Now terminally ill, he has nothing left to lose. An expat for many
years, Max returns to Europe one last time to settle an old debt with
his estranged Dutch wife, Margrit, and to attend the Paris funeral of
his friend, rival, and mentor Harry Ames, a character loosely modelled
on Richard Wright. In Amsterdam, among Harry’s papers, Max uncovers
explosive secret government documents outlining “King Alfred,” a
plan to be implemented in the event of widespread racial unrest and
aiming “to terminate, once and for all, the Minority threat to the
whole of the American society.” Realizing that Harry has been
assassinated, Max must risk everything to get the documents to the one
man who can help. Greeted as a masterpiece when it was published in
1967, The Man Who Cried I Am stakes out a range of experience rarely
seen in American fiction: from the life of a Black GI to the ferment
of postcolonial Africa to an insider’s view of Washington politics
in the era of segregation and the Civil Rights Movement, including
fictionalized portraits of Martin Luther King, Jr., and Malcolm X.

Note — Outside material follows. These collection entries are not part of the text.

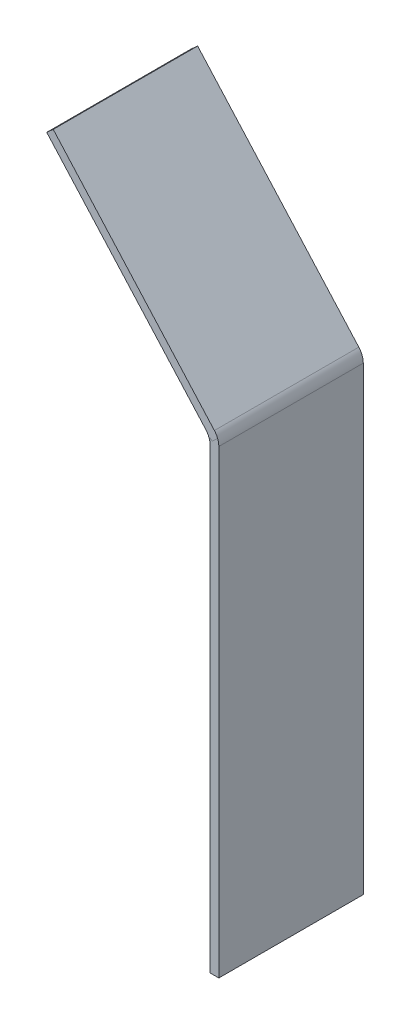
ISO-10303-21;
HEADER;
FILE_DESCRIPTION(('STEP AP214'),'2;1');
FILE_NAME('part.step','',(''),(''),'','','');
FILE_SCHEMA(('AUTOMOTIVE_DESIGN { 1 0 10303 214 1 1 1 1 }'));
ENDSEC;
DATA;
#1=APPLICATION_CONTEXT('core data for automotive mechanical design processes');
#2=APPLICATION_PROTOCOL_DEFINITION('international standard','automotive_design',2000,#1);
#3=PRODUCT_CONTEXT('',#1,'mechanical');
#4=PRODUCT('Part','Part','',(#3));
#5=PRODUCT_RELATED_PRODUCT_CATEGORY('part','',(#4));
#6=PRODUCT_DEFINITION_FORMATION('','',#4);
#7=PRODUCT_DEFINITION_CONTEXT('part definition',#1,'design');
#8=PRODUCT_DEFINITION('design','',#6,#7);
#9=PRODUCT_DEFINITION_SHAPE('','',#8);
#10=(LENGTH_UNIT() NAMED_UNIT(*) SI_UNIT(.MILLI.,.METRE.));
#11=(NAMED_UNIT(*) PLANE_ANGLE_UNIT() SI_UNIT($,.RADIAN.));
#12=(NAMED_UNIT(*) SI_UNIT($,.STERADIAN.) SOLID_ANGLE_UNIT());
#13=UNCERTAINTY_MEASURE_WITH_UNIT(LENGTH_MEASURE(1.E-05),#10,'distance_accuracy_value','');
#14=(GEOMETRIC_REPRESENTATION_CONTEXT(3) GLOBAL_UNCERTAINTY_ASSIGNED_CONTEXT((#13)) GLOBAL_UNIT_ASSIGNED_CONTEXT((#10,
#11,#12)) REPRESENTATION_CONTEXT('',''));
#15=CARTESIAN_POINT('',(0.,0.,0.));
#16=DIRECTION('',(0.,0.,1.));
#17=DIRECTION('',(1.,0.,0.));
#18=AXIS2_PLACEMENT_3D('',#15,#16,#17);
#19=CARTESIAN_POINT('',(-2.5,62.6737873182417,0.00137776001932606));
#20=DIRECTION('',(0.,2.19830343425287E-05,-0.999999999758373));
#21=DIRECTION('',(0.,0.999999999758373,2.19830343425287E-05));
#22=AXIS2_PLACEMENT_3D('',#19,#20,#21);
#23=CYLINDRICAL_SURFACE('',#22,2.);
#24=DIRECTION('',(0.,-2.19830343425287E-05,0.999999999758373));
#25=VECTOR('',#24,1.);
#26=CARTESIAN_POINT('',(-1.00928801516023,64.0071206514319,0.0014070707317867));
#27=LINE('',#26,#25);
#28=CARTESIAN_POINT('',(-1.00928801516023,64.0073038017603,-8.33003278047712));
#29=VERTEX_POINT('',#28);
#30=CARTESIAN_POINT('',(-1.00928801516023,64.0069396769131,8.23387015339831));
#31=VERTEX_POINT('',#30);
#32=EDGE_CURVE('E133',#29,#31,#27,.T.);
#33=ORIENTED_EDGE('',*,*,#32,.F.);
#34=CARTESIAN_POINT('',(-2.5,62.6739704685701,-8.33006209118958));
#35=DIRECTION('',(1.09234575886277E-05,9.77023748700299E-06,-0.99999999989261));
#36=DIRECTION('',(-0.666666666675069,0.745355992492415,0.));
#37=AXIS2_PLACEMENT_3D('',#34,#35,#36);
#38=ELLIPSE('',#37,2.00000000026847,2.);
#39=CARTESIAN_POINT('',(-0.5,62.6739704680899,-8.3300402442744));
#40=VERTEX_POINT('',#39);
#41=EDGE_CURVE('E46',#29,#40,#38,.T.);
#42=ORIENTED_EDGE('',*,*,#41,.T.);
#43=DIRECTION('',(0.,-2.19830343425287E-05,0.999999999758373));
#44=VECTOR('',#43,1.);
#45=CARTESIAN_POINT('',(-0.5,62.6737873182417,0.00137776001932606));
#46=LINE('',#45,#44);
#47=CARTESIAN_POINT('',(-0.5,62.673606343203,8.23386594537373));
#48=VERTEX_POINT('',#47);
#49=EDGE_CURVE('E277',#48,#40,#46,.F.);
#50=ORIENTED_EDGE('',*,*,#49,.F.);
#51=CARTESIAN_POINT('',(-2.5,62.673606343723,8.23384084268585));
#52=DIRECTION('',(-1.09234575886277E-05,-9.77023748700298E-06,0.99999999989261));
#53=DIRECTION('',(-0.666666666675069,0.745355992492414,0.));
#54=AXIS2_PLACEMENT_3D('',#51,#52,#53);
#55=ELLIPSE('',#54,2.00000000026847,2.);
#56=EDGE_CURVE('E11',#48,#31,#55,.T.);
#57=ORIENTED_EDGE('',*,*,#56,.T.);
#58=EDGE_LOOP('',(#33,#42,#50,#57));
#59=FACE_BOUND('',#58,.T.);
#60=ADVANCED_FACE('F39',(#59),#23,.F.);
#61=CARTESIAN_POINT('',(-1.5,63.0557533294683,0.00138615679127075));
#62=DIRECTION('',(0.,2.19830343425287E-05,-0.999999999758373));
#63=DIRECTION('',(0.,0.999999999758373,2.19830343425287E-05));
#64=AXIS2_PLACEMENT_3D('',#61,#62,#63);
#65=CYLINDRICAL_SURFACE('',#64,2.);
#66=DIRECTION('',(0.,2.19830343425287E-05,-0.999999999758373));
#67=VECTOR('',#66,1.);
#68=CARTESIAN_POINT('',(-0.00928801516023731,64.3890866626585,0.00141546750373138));
#69=LINE('',#68,#67);
#70=CARTESIAN_POINT('',(-0.00928801516024565,64.3889056880022,8.23388480875454));
#71=VERTEX_POINT('',#70);
#72=CARTESIAN_POINT('',(-0.00928801516022993,64.3892698128493,-8.33001812512089));
#73=VERTEX_POINT('',#72);
#74=EDGE_CURVE('E197',#71,#73,#69,.T.);
#75=ORIENTED_EDGE('',*,*,#74,.F.);
#76=CARTESIAN_POINT('',(-1.5,63.055572354812,8.23385549804208));
#77=DIRECTION('',(-1.09234575886277E-05,-9.77023748700298E-06,0.99999999989261));
#78=DIRECTION('',(-0.666666666675069,0.745355992492414,0.));
#79=AXIS2_PLACEMENT_3D('',#76,#77,#78);
#80=ELLIPSE('',#79,2.00000000026847,2.);
#81=CARTESIAN_POINT('',(0.364249124789158,63.7798479930207,8.23388293843332));
#82=VERTEX_POINT('',#81);
#83=EDGE_CURVE('E233',#82,#71,#80,.T.);
#84=ORIENTED_EDGE('',*,*,#83,.F.);
#85=CARTESIAN_POINT('',(0.364249124896864,63.779847993117,8.23386594537373));
#86=CARTESIAN_POINT('',(0.364244899312326,63.7798442136393,8.9005326120163));
#87=CARTESIAN_POINT('',(0.364240673727787,63.7798404341616,9.56719927865886));
#88=CARTESIAN_POINT('',(0.36423222255871,63.7798328752062,10.900532611944));
#89=CARTESIAN_POINT('',(0.364227996974171,63.7798290957285,11.5671992785865));
#90=CARTESIAN_POINT('',(0.364223771389633,63.7798253162507,12.2338659452291));
#91=B_SPLINE_CURVE_WITH_KNOTS('',3,(#85,#86,#87,#88,#89,#90),.UNSPECIFIED.,.F.,.F.,(4,2,4),(0.,
2.,4.),.UNSPECIFIED.);
#92=CARTESIAN_POINT('',(0.364249124896867,63.779847993117,8.23386594537373));
#93=VERTEX_POINT('',#92);
#94=EDGE_CURVE('E224',#93,#82,#91,.T.);
#95=ORIENTED_EDGE('',*,*,#94,.F.);
#96=CARTESIAN_POINT('',(-1.5,63.0555723545824,8.23386594537373));
#97=DIRECTION('',(0.,0.,1.));
#98=DIRECTION('',(0.,1.,0.));
#99=AXIS2_PLACEMENT_3D('',#96,#97,#98);
#100=ELLIPSE('',#99,2.00000000048325,2.);
#101=CARTESIAN_POINT('',(0.5,63.0555723545824,8.23386594537373));
#102=VERTEX_POINT('',#101);
#103=EDGE_CURVE('E234',#102,#93,#100,.T.);
#104=ORIENTED_EDGE('',*,*,#103,.F.);
#105=DIRECTION('',(0.,2.19830343425287E-05,-0.999999999758373));
#106=VECTOR('',#105,1.);
#107=CARTESIAN_POINT('',(0.5,63.0557533294683,0.00138615679127065));
#108=LINE('',#107,#106);
#109=CARTESIAN_POINT('',(0.5,63.0559365637002,-8.33387043234571));
#110=VERTEX_POINT('',#109);
#111=EDGE_CURVE('E290',#110,#102,#108,.F.);
#112=ORIENTED_EDGE('',*,*,#111,.F.);
#113=CARTESIAN_POINT('',(-1.5,63.0559365637002,-8.33387043234571));
#114=DIRECTION('',(0.,0.,-1.));
#115=DIRECTION('',(0.,1.,0.));
#116=AXIS2_PLACEMENT_3D('',#113,#114,#115);
#117=ELLIPSE('',#116,2.00000000048325,2.);
#118=CARTESIAN_POINT('',(0.33050940155654,63.8616879714724,-8.33387043234571));
#119=VERTEX_POINT('',#118);
#120=EDGE_CURVE('E211',#119,#110,#117,.T.);
#121=ORIENTED_EDGE('',*,*,#120,.F.);
#122=CARTESIAN_POINT('',(0.330509364293782,63.8616879714724,-8.33001956795851));
#123=CARTESIAN_POINT('',(0.330515814851322,63.8616879714724,-8.99668623459397));
#124=CARTESIAN_POINT('',(0.330522265408862,63.8616879714724,-9.66335290122943));
#125=CARTESIAN_POINT('',(0.330535166523942,63.8616879714724,-10.9966862345003));
#126=CARTESIAN_POINT('',(0.330541617081482,63.8616879714724,-11.6633529011358));
#127=CARTESIAN_POINT('',(0.330548067639022,63.8616879714724,-12.3300195677713));
#128=B_SPLINE_CURVE_WITH_KNOTS('',3,(#122,#123,#124,#125,#126,#127),.UNSPECIFIED.,.F.,.F.,(4,2,
4),(0.,2.,4.),.UNSPECIFIED.);
#129=CARTESIAN_POINT('',(0.330509364293782,63.8616879714724,-8.33001956795851));
#130=VERTEX_POINT('',#129);
#131=EDGE_CURVE('E203',#130,#119,#128,.T.);
#132=ORIENTED_EDGE('',*,*,#131,.F.);
#133=CARTESIAN_POINT('',(-1.5,63.0559364796592,-8.33004743583335));
#134=DIRECTION('',(1.09234575886277E-05,9.77023748700299E-06,-0.99999999989261));
#135=DIRECTION('',(-0.666666666675069,0.745355992492415,0.));
#136=AXIS2_PLACEMENT_3D('',#133,#134,#135);
#137=ELLIPSE('',#136,2.00000000026847,2.);
#138=EDGE_CURVE('E200',#73,#130,#137,.T.);
#139=ORIENTED_EDGE('',*,*,#138,.F.);
#140=EDGE_LOOP('',(#75,#84,#95,#104,#112,#121,#132,#139));
#141=FACE_BOUND('',#140,.T.);
#142=ADVANCED_FACE('F217',(#141),#65,.T.);
#143=CARTESIAN_POINT('',(-0.5,63.8616879714724,-8.33387043234571));
#144=DIRECTION('',(0.,0.,-1.));
#145=DIRECTION('',(0.,1.,0.));
#146=AXIS2_PLACEMENT_3D('',#143,#144,#145);
#147=PLANE('',#146);
#148=DIRECTION('',(1.,0.,0.));
#149=VECTOR('',#148,1.);
#150=CARTESIAN_POINT('',(-0.5,63.8616879714724,-8.33387043234571));
#151=LINE('',#150,#149);
#152=CARTESIAN_POINT('',(-0.5,63.8616879714724,-8.33387043234571));
#153=VERTEX_POINT('',#152);
#154=EDGE_CURVE('E188',#153,#119,#151,.T.);
#155=ORIENTED_EDGE('',*,*,#154,.T.);
#156=ORIENTED_EDGE('',*,*,#120,.T.);
#157=DIRECTION('',(0.,1.,0.));
#158=VECTOR('',#157,1.);
#159=CARTESIAN_POINT('',(0.5,63.8616879714724,-8.33387043234571));
#160=LINE('',#159,#158);
#161=CARTESIAN_POINT('',(0.5,10.2578723298936,-8.33387043234571));
#162=VERTEX_POINT('',#161);
#163=EDGE_CURVE('E167',#162,#110,#160,.T.);
#164=ORIENTED_EDGE('',*,*,#163,.F.);
#165=DIRECTION('',(1.,0.,0.));
#166=VECTOR('',#165,1.);
#167=CARTESIAN_POINT('',(-0.5,10.2578723298936,-8.33387043234571));
#168=LINE('',#167,#166);
#169=CARTESIAN_POINT('',(-0.5,10.2578723298936,-8.33387043234571));
#170=VERTEX_POINT('',#169);
#171=EDGE_CURVE('E189',#170,#162,#168,.T.);
#172=ORIENTED_EDGE('',*,*,#171,.F.);
#173=DIRECTION('',(0.,1.,0.));
#174=VECTOR('',#173,1.);
#175=CARTESIAN_POINT('',(-0.5,63.8616879714724,-8.33387043234571));
#176=LINE('',#175,#174);
#177=EDGE_CURVE('E175',#170,#153,#176,.T.);
#178=ORIENTED_EDGE('',*,*,#177,.T.);
#179=EDGE_LOOP('',(#155,#156,#164,#172,#178));
#180=FACE_BOUND('',#179,.T.);
#181=ADVANCED_FACE('F220',(#180),#147,.T.);
#182=CARTESIAN_POINT('',(-0.5,10.2578723298936,-8.33387043234571));
#183=DIRECTION('',(0.,-1.,0.));
#184=DIRECTION('',(0.,0.,-1.));
#185=AXIS2_PLACEMENT_3D('',#182,#183,#184);
#186=PLANE('',#185);
#187=ORIENTED_EDGE('',*,*,#171,.T.);
#188=DIRECTION('',(0.,0.,-1.));
#189=VECTOR('',#188,1.);
#190=CARTESIAN_POINT('',(0.5,10.2578723298936,-8.33387043234571));
#191=LINE('',#190,#189);
#192=CARTESIAN_POINT('',(0.5,10.2578723298936,8.23386594537373));
#193=VERTEX_POINT('',#192);
#194=EDGE_CURVE('E172',#193,#162,#191,.T.);
#195=ORIENTED_EDGE('',*,*,#194,.F.);
#196=DIRECTION('',(1.,0.,0.));
#197=VECTOR('',#196,1.);
#198=CARTESIAN_POINT('',(-0.5,10.2578723298936,8.23386594537373));
#199=LINE('',#198,#197);
#200=CARTESIAN_POINT('',(-0.5,10.2578723298936,8.23386594537373));
#201=VERTEX_POINT('',#200);
#202=EDGE_CURVE('E191',#201,#193,#199,.T.);
#203=ORIENTED_EDGE('',*,*,#202,.F.);
#204=DIRECTION('',(0.,0.,-1.));
#205=VECTOR('',#204,1.);
#206=CARTESIAN_POINT('',(-0.5,10.2578723298936,-8.33387043234571));
#207=LINE('',#206,#205);
#208=EDGE_CURVE('E185',#201,#170,#207,.T.);
#209=ORIENTED_EDGE('',*,*,#208,.T.);
#210=EDGE_LOOP('',(#187,#195,#203,#209));
#211=FACE_BOUND('',#210,.T.);
#212=ADVANCED_FACE('F259',(#211),#186,.T.);
#213=CARTESIAN_POINT('',(-0.5,63.8616879714724,8.23386594537373));
#214=DIRECTION('',(0.,0.,1.));
#215=DIRECTION('',(0.,-1.,0.));
#216=AXIS2_PLACEMENT_3D('',#213,#214,#215);
#217=PLANE('',#216);
#218=DIRECTION('',(0.,-1.,0.));
#219=VECTOR('',#218,1.);
#220=CARTESIAN_POINT('',(0.5,63.8616879714724,8.23386594537373));
#221=LINE('',#220,#219);
#222=EDGE_CURVE('E170',#102,#193,#221,.T.);
#223=ORIENTED_EDGE('',*,*,#222,.F.);
#224=ORIENTED_EDGE('',*,*,#103,.T.);
#225=DIRECTION('',(0.745355992499929,0.666666666666667,0.));
#226=VECTOR('',#225,1.);
#227=CARTESIAN_POINT('',(-0.0752226656281101,63.386772473994,8.23386594537373));
#228=LINE('',#227,#226);
#229=CARTESIAN_POINT('',(-0.285984299031434,63.1982615381846,8.23386594537373));
#230=VERTEX_POINT('',#229);
#231=EDGE_CURVE('E164',#230,#93,#228,.T.);
#232=ORIENTED_EDGE('',*,*,#231,.F.);
#233=DIRECTION('',(-0.666666666666667,0.74535599249993,0.));
#234=VECTOR('',#233,1.);
#235=CARTESIAN_POINT('',(-0.285984299114181,63.1982615381846,8.23387015339831));
#236=LINE('',#235,#234);
#237=CARTESIAN_POINT('',(-0.500000000000005,63.437538365901,8.23387015339831));
#238=VERTEX_POINT('',#237);
#239=EDGE_CURVE('E134',#230,#238,#236,.T.);
#240=ORIENTED_EDGE('',*,*,#239,.T.);
#241=DIRECTION('',(0.,-1.,0.));
#242=VECTOR('',#241,1.);
#243=CARTESIAN_POINT('',(-0.5,63.8616879714724,8.23386594537373));
#244=LINE('',#243,#242);
#245=EDGE_CURVE('E182',#238,#48,#244,.T.);
#246=ORIENTED_EDGE('',*,*,#245,.T.);
#247=EDGE_CURVE('E181',#48,#201,#244,.T.);
#248=ORIENTED_EDGE('',*,*,#247,.T.);
#249=ORIENTED_EDGE('',*,*,#202,.T.);
#250=EDGE_LOOP('',(#223,#224,#232,#240,#246,#248,#249));
#251=FACE_BOUND('',#250,.T.);
#252=ADVANCED_FACE('F261',(#251),#217,.T.);
#253=CARTESIAN_POINT('',(-0.5,63.8616879714724,-8.33387043234571));
#254=DIRECTION('',(0.,1.,0.));
#255=DIRECTION('',(0.,0.,1.));
#256=AXIS2_PLACEMENT_3D('',#253,#254,#255);
#257=PLANE('',#256);
#258=DIRECTION('',(-0.999999999940339,0.,-1.0923457589149E-05));
#259=VECTOR('',#258,1.);
#260=CARTESIAN_POINT('',(-0.500000041965656,63.8616879714724,-8.33002863999279));
#261=LINE('',#260,#259);
#262=CARTESIAN_POINT('',(-0.5,63.8616879714724,-8.33003188011866));
#263=VERTEX_POINT('',#262);
#264=EDGE_CURVE('E161',#130,#263,#261,.T.);
#265=ORIENTED_EDGE('',*,*,#264,.F.);
#266=ORIENTED_EDGE('',*,*,#131,.T.);
#267=ORIENTED_EDGE('',*,*,#154,.F.);
#268=DIRECTION('',(0.,0.,1.));
#269=VECTOR('',#268,1.);
#270=CARTESIAN_POINT('',(-0.5,63.8616879714724,-8.33387043234571));
#271=LINE('',#270,#269);
#272=EDGE_CURVE('E178',#153,#263,#271,.T.);
#273=ORIENTED_EDGE('',*,*,#272,.T.);
#274=EDGE_LOOP('',(#265,#266,#267,#273));
#275=FACE_BOUND('',#274,.T.);
#276=ADVANCED_FACE('F213',(#275),#257,.T.);
#277=CARTESIAN_POINT('',(-0.5,0.,0.));
#278=DIRECTION('',(-1.,0.,0.));
#279=DIRECTION('',(0.,0.,1.));
#280=AXIS2_PLACEMENT_3D('',#277,#278,#279);
#281=PLANE('',#280);
#282=ORIENTED_EDGE('',*,*,#247,.F.);
#283=ORIENTED_EDGE('',*,*,#49,.T.);
#284=DIRECTION('',(0.,-0.999999999952271,-9.77023748758589E-06));
#285=VECTOR('',#284,1.);
#286=CARTESIAN_POINT('',(-0.5,8.13924541669027E-05,-8.33065258305497));
#287=LINE('',#286,#285);
#288=EDGE_CURVE('E53',#263,#40,#287,.T.);
#289=ORIENTED_EDGE('',*,*,#288,.F.);
#290=ORIENTED_EDGE('',*,*,#272,.F.);
#291=ORIENTED_EDGE('',*,*,#177,.F.);
#292=ORIENTED_EDGE('',*,*,#208,.F.);
#293=EDGE_LOOP('',(#282,#283,#289,#290,#291,#292));
#294=FACE_BOUND('',#293,.T.);
#295=ADVANCED_FACE('F254',(#294),#281,.T.);
#296=CARTESIAN_POINT('',(0.5,0.,0.));
#297=DIRECTION('',(-1.,0.,0.));
#298=DIRECTION('',(0.,0.,1.));
#299=AXIS2_PLACEMENT_3D('',#296,#297,#298);
#300=PLANE('',#299);
#301=ORIENTED_EDGE('',*,*,#163,.T.);
#302=ORIENTED_EDGE('',*,*,#111,.T.);
#303=ORIENTED_EDGE('',*,*,#222,.T.);
#304=ORIENTED_EDGE('',*,*,#194,.T.);
#305=EDGE_LOOP('',(#301,#302,#303,#304));
#306=FACE_BOUND('',#305,.T.);
#307=ADVANCED_FACE('F251',(#306),#300,.F.);
#308=CARTESIAN_POINT('',(0.459371693305705,63.8649282047796,8.23388480875454));
#309=DIRECTION('',(-1.09234575886277E-05,-9.77023748700298E-06,0.99999999989261));
#310=DIRECTION('',(0.999999999940339,0.,1.0923457589149E-05));
#311=AXIS2_PLACEMENT_3D('',#308,#309,#310);
#312=PLANE('',#311);
#313=DIRECTION('',(-0.745355992419886,-0.666666666595074,-1.46553562305045E-05));
#314=VECTOR('',#313,1.);
#315=CARTESIAN_POINT('',(0.459371693305705,63.8649282047796,8.23388480875454));
#316=LINE('',#315,#314);
#317=EDGE_CURVE('E159',#82,#230,#316,.T.);
#318=ORIENTED_EDGE('',*,*,#317,.F.);
#319=ORIENTED_EDGE('',*,*,#83,.T.);
#320=DIRECTION('',(-0.666666666666667,0.74535599249993,0.));
#321=VECTOR('',#320,1.);
#322=CARTESIAN_POINT('',(0.459371693305705,63.8649282047796,8.23388480875454));
#323=LINE('',#322,#321);
#324=CARTESIAN_POINT('',(-18.4973095507562,85.0591421495385,8.23388480875454));
#325=VERTEX_POINT('',#324);
#326=EDGE_CURVE('E141',#71,#325,#323,.T.);
#327=ORIENTED_EDGE('',*,*,#326,.T.);
#328=DIRECTION('',(-0.745355992419886,-0.666666666595074,-1.46553562305045E-05));
#329=VECTOR('',#328,1.);
#330=CARTESIAN_POINT('',(-18.4973095507562,85.0591421495385,8.23388480875454));
#331=LINE('',#330,#329);
#332=CARTESIAN_POINT('',(-19.2426655431761,84.3924754829434,8.23387015339831));
#333=VERTEX_POINT('',#332);
#334=EDGE_CURVE('E137',#325,#333,#331,.T.);
#335=ORIENTED_EDGE('',*,*,#334,.T.);
#336=EDGE_CURVE('E125',#31,#333,#236,.T.);
#337=ORIENTED_EDGE('',*,*,#336,.F.);
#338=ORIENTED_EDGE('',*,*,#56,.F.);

John A. Williams and his lost classic are overdue for rediscovery. Few
novels have so deliberately blurred the boundaries between fiction and
reality as The Man Who Cried I Am (1967), and many of its early
readers assumed the King Alfred plan was real. In her introduction,
Merve Emre examines the gonzo marketing plan behind the novel that
fueled this confusion and prompted an FBI investigation. This deluxe
paperback also includes a new foreword by novelist Ishmael Reed.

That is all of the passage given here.